Even if she didn't answer to that name, she was still his Liv.
"You really don't," she said, leaning back in her chair, away from him, crossing her arms again, and he snapped, then.
"You never drink coffee on stakeout 'cause you say it runs right through you," the words came tumbling out of him all in a rush. "Your favorite band is Fleetwood Mac. You always order General Tso's from Woo Hop and you sleep on your stomach and when you were sixteen you were in love with a much older man -"
"Stop," she snapped. "Just stop."
He'd rattled her, he could tell. Those things he'd said, none of that would be contained in her professional file. No one would have learned any of those things about her from newspaper clippings or an illicit trawl through the NYPD database. He'd tried to pick the most personal details he could, things that would prove he knew her, things even a stalker wouldn't be able to find out. She'd be wondering about that, he knew, wondering if the stranger in front of her had been reading up on her, following her; she'd be as unsettled as he was right now, and hearing all that from him probably wouldn't put her at ease but maybe it would plant the seed, somewhere in the back of her mind, make her wonder, if only for a moment, whether he was telling the truth.

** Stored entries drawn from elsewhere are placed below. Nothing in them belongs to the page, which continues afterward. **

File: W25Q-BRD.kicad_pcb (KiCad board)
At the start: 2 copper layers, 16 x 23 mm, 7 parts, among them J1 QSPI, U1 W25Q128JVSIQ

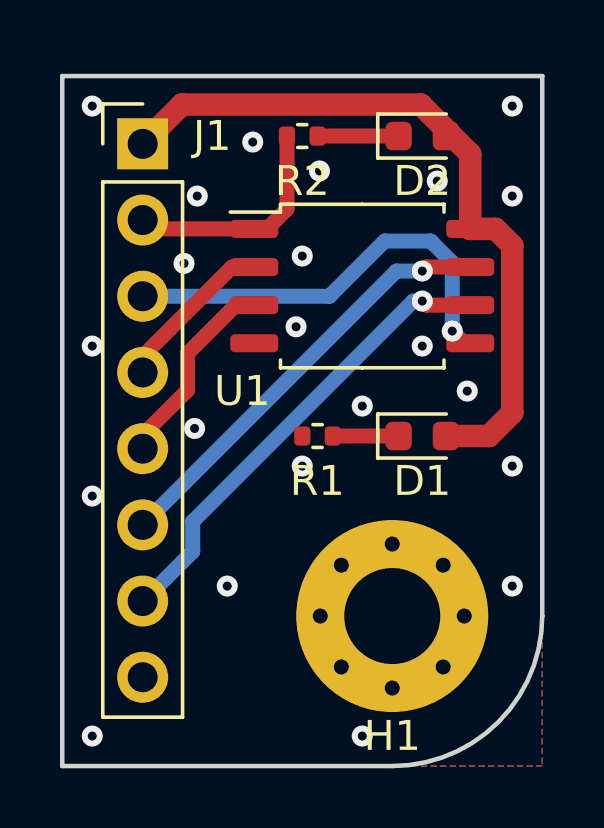
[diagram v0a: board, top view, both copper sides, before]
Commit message: Moved some components around. Generated CAM files.
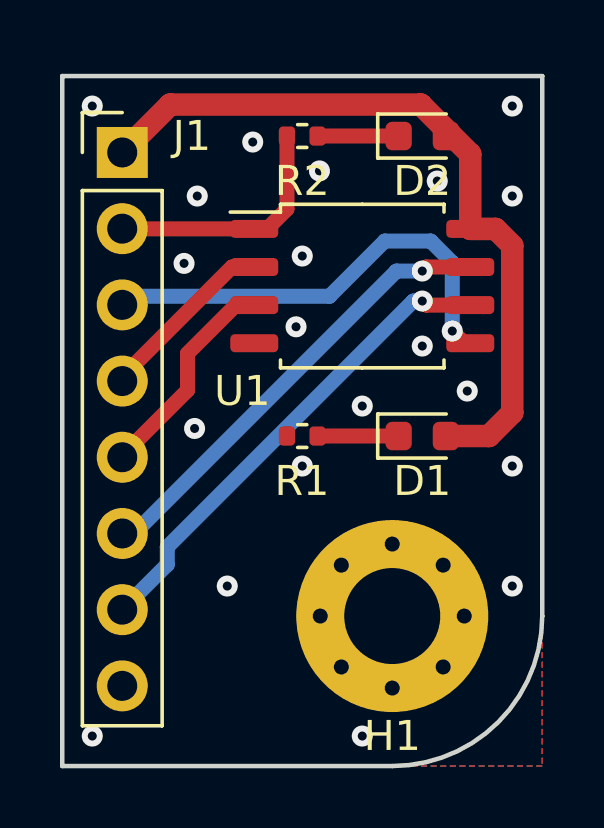
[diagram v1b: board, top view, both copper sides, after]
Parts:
- moved J1 0.74 mm to (133.0, 96.5)
- moved R1 0.51 mm to (139.0, 106.0)
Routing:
- net /IO3: track 14.5 -> 15.3 mm
- net /IO0: track 14.4 -> 15.2 mm
- net +3.3V: track 24.4 -> 25.2 mm
- net /IO1: track 5.49 -> 6.06 mm
- net /IO2: track 6.68 -> 7.25 mm
- net /NCS: track 7.64 -> 8.20 mm
- net /CLK: track 15.7 -> 16.3 mm
- net Net-(D1-Pad1): track 2.19 -> 2.70 mm
- net GND: vias 22 -> 20
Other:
- board text added: "3V3"
- board text added: "CLK"
- board text added: "GND"
- board text added: "IO0"
- board text added: "IO1"
- board text added: "IO2"
- board text added: "IO3"
- board text added: "NCS"
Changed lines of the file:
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@@
   )
   (footprint "Resistor_SMD:R_0402_1005Metric" (layer "F.Cu")
-    (at 139.51 106 180)
+    (at 139 106 180)
     (descr "Resistor SMD 0402 (1005 Metric), square (rectangular) end terminal, IPC_7351 nominal, (Body size source: IPC-SM-782 page 72, https://www.pcb-3d.com/wordpress/wp-content/uploads/ipc-sm-782a_amendment_1_and_2.pdf), generated with kicad-footprint-generator")
     (tags "resistor")
@@
       (effects (font (size 1 1) (thickness 0.15)))
     )
-    (fp_text user "${REFERENCE}" (at 0 0) (layer "F.Fab")
+    (fp_text user "${REFERENCE}" (at 0.51 0) (layer "F.Fab")
       (effects (font (size 0.26 0.26) (thickness 0.04)))
     )
@@
   )
   (footprint "Connector_PinHeader_2.54mm:PinHeader_1x08_P2.54mm_Vertical" (layer "F.Cu")
-    (at 133.68 96.26)
+    (at 133 96.547158)
     (descr "Through hole straight pin header, 1x08, 2.54mm pitch, single row")
     (tags "Through hole pin header THT 1x08 2.54mm single row")
@@
     (property "Sheetname" "")
     (attr through_hole)
-    (fp_text reference "J1" (at 2.32 -0.26) (layer "F.SilkS")
+    (fp_text reference "J1" (at 2.32 -0.547158) (layer "F.SilkS")
       (effects (font (size 1 1) (thickness 0.15)))
     )
@@
   (gr_arc (start 147 112) (mid 145.535534 115.535534) (end 142 117) (layer "Edge.Cuts") (width 0.15))
   (gr_line (start 147 94) (end 131 94) (layer "Edge.Cuts") (width 0.15))
-  (gr_text "${TITLE}\n${COMPANY}" (at 141 102 270) (layer "B.SilkS")
-    (effects (font (size 1 1) (thickness 0.15)) (justify mirror))
-  )
-  (segment (start 142.2125 106) (end 140.02 106) (width 0.5) (layer "F.Cu") (net 1))
-  (segment (start 142.95 94.95) (end 134.99 94.95) (width 0.75) (layer "F.Cu") (net 2))
+  (gr_text "IO2" (at 136 106.707158) (layer "B.SilkS")
+    (effects (font (size 1 1) (thickness 0.15)) (justify mirror))
+  )
+  (gr_text "IO0" (at 136 101.627158) (layer "B.SilkS")
+    (effects (font (size 1 1) (thickness 0.15)) (justify mirror))
+  )
+  (gr_text "NCS" (at 136 99.087158) (layer "B.SilkS")
+    (effects (font (size 1 1) (thickness 0.15)) (justify mirror))
+  )
+  (gr_text "IO3" (at 136 109.247158) (layer "B.SilkS")
+    (effects (font (size 1 1) (thickness 0.15)) (justify mirror))
+  )
+  (gr_text "GND" (at 136 114.327158) (layer "B.SilkS")
+    (effects (font (size 1 1) (thickness 0.15)) (justify mirror))
+  )
+  (gr_text "${TITLE}\n${COMPANY}" (at 144.5 102 90) (layer "B.SilkS")
+    (effects (font (size 1 1) (thickness 0.15)) (justify mirror))
+  )
+  (gr_text "IO1" (at 136 104.167158) (layer "B.SilkS")
+    (effects (font (size 1 1) (thickness 0.15)) (justify mirror))
+  )
+  (gr_text "3V3" (at 136 96.547158) (layer "B.SilkS")
+    (effects (font (size 1 1) (thickness 0.15)) (justify mirror))
+  )
+  (gr_text "CLK" (at 136 111.787158) (layer "B.SilkS")
+    (effects (font (size 1 1) (thickness 0.15)) (justify mirror))
+  )
+  (segment (start 142.2125 106) (end 139.51 106) (width 0.5) (layer "F.Cu") (net 1))
   (segment (start 146 105.225) (end 146 99.65) (width 0.75) (layer "F.Cu") (net 2))
   (segment (start 145.445 99.095) (end 144.6 99.095) (width 0.75) (layer "F.Cu") (net 2))
-  (segment (start 144.6 99.095) (end 144.6 96.6) (width 0.75) (layer "F.Cu") (net 2))
   (segment (start 145.225 106) (end 146 105.225) (width 0.75) (layer "F.Cu") (net 2))
-  (segment (start 134.99 94.95) (end 133.68 96.26) (width 0.75) (layer "F.Cu") (net 2))
+  (segment (start 133 96.547158) (end 134.597158 94.95) (width 0.75) (layer "F.Cu") (net 2))
   (segment (start 146 99.65) (end 145.445 99.095) (width 0.75) (layer "F.Cu") (net 2))
+  (segment (start 144.6 96.6) (end 144.6 99.095) (width 0.75) (layer "F.Cu") (net 2))
+  (segment (start 142.95 94.95) (end 144.6 96.6) (width 0.75) (layer "F.Cu") (net 2))
+  (segment (start 134.597158 94.95) (end 142.95 94.95) (width 0.75) (layer "F.Cu") (net 2))
   (segment (start 143.7875 106) (end 145.225 106) (width 0.75) (layer "F.Cu") (net 2))
-  (segment (start 144.6 96.6) (end 142.95 94.95) (width 0.75) (layer "F.Cu") (net 2))
   (segment (start 142.2125 96) (end 139.51 96) (width 0.5) (layer "F.Cu") (net 3))
   (via (at 143 103) (size 0.7) (drill 0.3) (layers "F.Cu" "B.Cu") (free) (net 4))
@@
   (via (at 146 95) (size 0.7) (drill 0.3) (layers "F.Cu" "B.Cu") (free) (net 4))
   (via (at 144.5 104.5) (size 0.7) (drill 0.3) (layers "F.Cu" "B.Cu") (free) (net 4))
-  (via (at 132 108) (size 0.7) (drill 0.3) (layers "F.Cu" "B.Cu") (free) (net 4))
   (via (at 132 116) (size 0.7) (drill 0.3) (layers "F.Cu" "B.Cu") (free) (net 4))
   (via (at 137.349245 96.200026) (size 0.7) (drill 0.3) (layers "F.Cu" "B.Cu") (free) (net 4))
   (via (at 135.060021 100.245189) (size 0.7) (drill 0.3) (layers "F.Cu" "B.Cu") (free) (net 4))
   (via (at 141 105) (size 0.7) (drill 0.3) (layers "F.Cu" "B.Cu") (free) (net 4))
-  (via (at 132 103) (size 0.7) (drill 0.3) (layers "F.Cu" "B.Cu") (free) (net 4))
   (via (at 143.5 97.5) (size 0.7) (drill 0.3) (layers "F.Cu" "B.Cu") (free) (net 4))
   (via (at 146 107) (size 0.7) (drill 0.3) (layers "F.Cu" "B.Cu") (free) (net 4))
@@
   (segment (start 143 101.5) (end 143.135 101.635) (width 0.5) (layer "F.Cu") (net 5))
   (via (at 143 101.5) (size 0.7) (drill 0.3) (layers "F.Cu" "B.Cu") (net 5))
-  (segment (start 135.35 108.85) (end 135.35 109.85) (width 0.5) (layer "B.Cu") (net 5))
+  (segment (start 134.5 109.7) (end 134.5 110.287158) (width 0.5) (layer "B.Cu") (net 5))
+  (segment (start 134.5 110.287158) (end 133 111.787158) (width 0.5) (layer "B.Cu") (net 5))
+  (segment (start 142.7 101.5) (end 134.5 109.7) (width 0.5) (layer "B.Cu") (net 5))
   (segment (start 143 101.5) (end 142.7 101.5) (width 0.5) (layer "B.Cu") (net 5))
-  (segment (start 133.7 111.5) (end 133.68 111.5) (width 0.5) (layer "B.Cu") (net 5))
-  (segment (start 135.35 109.85) (end 133.7 111.5) (width 0.5) (layer "B.Cu") (net 5))
-  (segment (start 142.7 101.5) (end 135.35 108.85) (width 0.5) (layer "B.Cu") (net 5))
   (segment (start 144 102.5) (end 144.405 102.905) (width 0.5) (layer "F.Cu") (net 6))
   (segment (start 144.405 102.905) (end 144.6 102.905) (width 0.5) (layer "F.Cu") (net 6))
   (via (at 144 102.5) (size 0.7) (drill 0.3) (layers "F.Cu" "B.Cu") (net 6))
+  (segment (start 133.287158 101.34) (end 133 101.627158) (width 0.5) (layer "B.Cu") (net 6))
   (segment (start 143.282843 99.5) (end 141.75 99.5) (width 0.5) (layer "B.Cu") (net 6))
+  (segment (start 144 102.5) (end 144 100.217157) (width 0.5) (layer "B.Cu") (net 6))
   (segment (start 141.75 99.5) (end 139.91 101.34) (width 0.5) (layer "B.Cu") (net 6))
-  (segment (start 139.91 101.34) (end 133.68 101.34) (width 0.5) (layer "B.Cu") (net 6))
   (segment (start 144 100.217157) (end 143.282843 99.5) (width 0.5) (layer "B.Cu") (net 6))
-  (segment (start 144 102.5) (end 144 100.217157) (width 0.5) (layer "B.Cu") (net 6))
-  (segment (start 133.68 103.345) (end 133.68 103.88) (width 0.5) (layer "F.Cu") (net 7))
-  (segment (start 136.66 100.365) (end 133.68 103.345) (width 0.5) (layer "F.Cu") (net 7))
-  (segment (start 137.4 100.365) (end 136.66 100.365) (width 0.5) (layer "F.Cu") (net 7))
-  (segment (start 137.4 101.635) (end 136.79 101.635) (width 0.5) (layer "F.Cu") (net 8))
-  (segment (start 135.175 103.25) (end 135.175 104.475) (width 0.5) (layer "F.Cu") (net 8))
-  (segment (start 136.79 101.635) (end 135.175 103.25) (width 0.5) (layer "F.Cu") (net 8))
-  (segment (start 133.68 105.97) (end 133.68 106.42) (width 0.5) (layer "F.Cu") (net 8))
-  (segment (start 135.175 104.475) (end 133.68 105.97) (width 0.5) (layer "F.Cu") (net 8))
+  (segment (start 139.91 101.34) (end 133.287158 101.34) (width 0.5) (layer "B.Cu") (net 6))
+  (segment (start 136.66 100.365) (end 137.4 100.365) (width 0.5) (layer "F.Cu") (net 7))
+  (segment (start 133 104.025) (end 136.66 100.365) (width 0.5) (layer "F.Cu") (net 7))
+  (segment (start 133 104.167158) (end 133 104.025) (width 0.5) (layer "F.Cu") (net 7))
+  (segment (start 136.79 101.635) (end 137.4 101.635) (width 0.5) (layer "F.Cu") (net 8))
+  (segment (start 135.175 104.475) (end 135.175 103.25) (width 0.5) (layer "F.Cu") (net 8))
+  (segment (start 133 106.707158) (end 133 106.65) (width 0.5) (layer "F.Cu") (net 8))
+  (segment (start 133 106.65) (end 135.175 104.475) (width 0.5) (layer "F.Cu") (net 8))
+  (segment (start 135.175 103.25) (end 136.79 101.635) (width 0.5) (layer "F.Cu") (net 8))
   (segment (start 143.135 100.365) (end 144.6 100.365) (width 0.5) (layer "F.Cu") (net 9))
   (segment (start 143 100.5) (end 143.135 100.365) (width 0.5) (layer "F.Cu") (net 9))
   (via (at 143 100.5) (size 0.7) (drill 0.3) (layers "F.Cu" "B.Cu") (net 9))
-  (segment (start 142.14 100.5) (end 133.68 108.96) (width 0.5) (layer "B.Cu") (net 9))
+  (segment (start 142.14 100.5) (end 133.392842 109.247158) (width 0.5) (layer "B.Cu") (net 9))
+  (segment (start 133.392842 109.247158) (end 133 109.247158) (width 0.5) (layer "B.Cu") (net 9))
   (segment (start 143 100.5) (end 142.14 100.5) (width 0.5) (layer "B.Cu") (net 9))
   (segment (start 138.49 98.435) (end 137.83 99.095) (width 0.5) (layer "F.Cu") (net 10))
-  (segment (start 137.4 99.095) (end 133.975 99.095) (width 0.5) (layer "F.Cu") (net 10))
-  (segment (start 133.975 99.095) (end 133.68 98.8) (width 0.5) (layer "F.Cu") (net 10))
+  (segment (start 137.4 99.095) (end 133.007842 99.095) (width 0.5) (layer "F.Cu") (net 10))
   (segment (start 137.83 99.095) (end 137.4 99.095) (width 0.5) (layer "F.Cu") (net 10))
   (segment (start 138.49 96) (end 138.49 98.435) (width 0.5) (layer "F.Cu") (net 10))
+  (segment (start 133.007842 99.095) (end 133 99.087158) (width 0.5) (layer "F.Cu") (net 10))
   (zone (net 4) (net_name "GND") (layers F&B.Cu) (hatch edge 0.508)
     (connect_pads yes (clearance 0.508))

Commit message: Version 1.1. Added 2 caps. Added few texts.
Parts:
- added C1: 100nF, Capacitor_SMD:C_0402_1005Metric, F.Cu at (144.5, 96.0)
- added C2: 1uF, Capacitor_SMD:C_0603_1608Metric, F.Cu at (144.5, 106.0)
- moved D1 2.00 mm to (141.0, 106.0)
- moved D2 2.00 mm to (141.0, 96.0)
- moved R1 1.50 mm to (137.5, 106.0)
- moved R2 1.50 mm to (137.5, 96.0)
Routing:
- net +3.3V: track 25.2 -> 26.4 mm
- net /NCS: track 8.20 -> 7.67 mm
- net Net-(D2-Pad1): track 2.70 -> 2.20 mm
- net Net-(D1-Pad1): track 2.70 -> 2.20 mm
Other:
- board text added: "+"
- board text added: "ACT"
- board text added: "PWR"

"Explain this to me, then," she said. "How can you know so much about me, and I don't know anything about you?"
"I don't know," he answered honestly. "But you know Munch. Did he…" his voice trailed off; was he really gonna say this out loud? Once he spoke those words there'd be no taking it back and whether he was right or not she'd probably have him committed just for suggesting it but he had to try.
"Did he ever talk to you about string theory?"
She actually laughed, and for the first time in all the years he'd known her he didn't like the sound of it.
"Yeah," she said. "Yeah, he did, a little. Something about infinite parallel universes and a bunch of math that went straight over my head."
"That sounds like Munch. I don't really understand it, but it's something like…the foundation of everything is like strings, like vibrating strings, and every time two strings touch each other a new universe is formed. There's an infinite number of universes, almost like…almost like every choice we make creates a new one. You turn right, that's one universe, you turn left, that's another. You're my partner but you look at me like I don't exist. I don't know where I am or how I got here but I do know you. And I'm starting to wonder…I'm staring to wonder if one of us is in the wrong place."
In a parallel universe, it will always be you and I.
He'd written those words to her once. One night, whiskey drunk and maudlin after Kathy made him write that abomination of a letter, he'd been sitting on his balcony in Rome and reading some mind numbing article from the New York Times on his phone and thinking about string theory, and Munch, and the choices he'd made and the choices he didn't make, and it had all made sense to him, for one brief, mad moment. The universe he was living in, the universe where he hadn't seen Liv for ten long years, felt wrong. The idea that it wasn't the only one, that out there somewhere in the unfathomable cosmos was a version of him who'd thrown caution to the wind and reached for her with both hands, that had brought him comfort. He wanted to believe it, that somewhere out there was a version of him that got to love her, even if he never could.
When he was sober he'd roll his eyes if anyone else suggested it, and he wasn't sure what the church had to say about his little theory, but he believed it, still. And now here he sat, faced with a Liv who didn't know him, and what if, he asked himself, what if this is one of them? What if he had, somehow, stumbled into a universe where he'd fucked up so spectacularly that he never even met her?
He figured they'd find out when Muncy finished running his prints. Until then he was left alone with Olivia, Olivia who was looking at him like he was crazy. Not that he could blame her; he felt pretty fucking crazy.
We'll just see what happens next, he thought.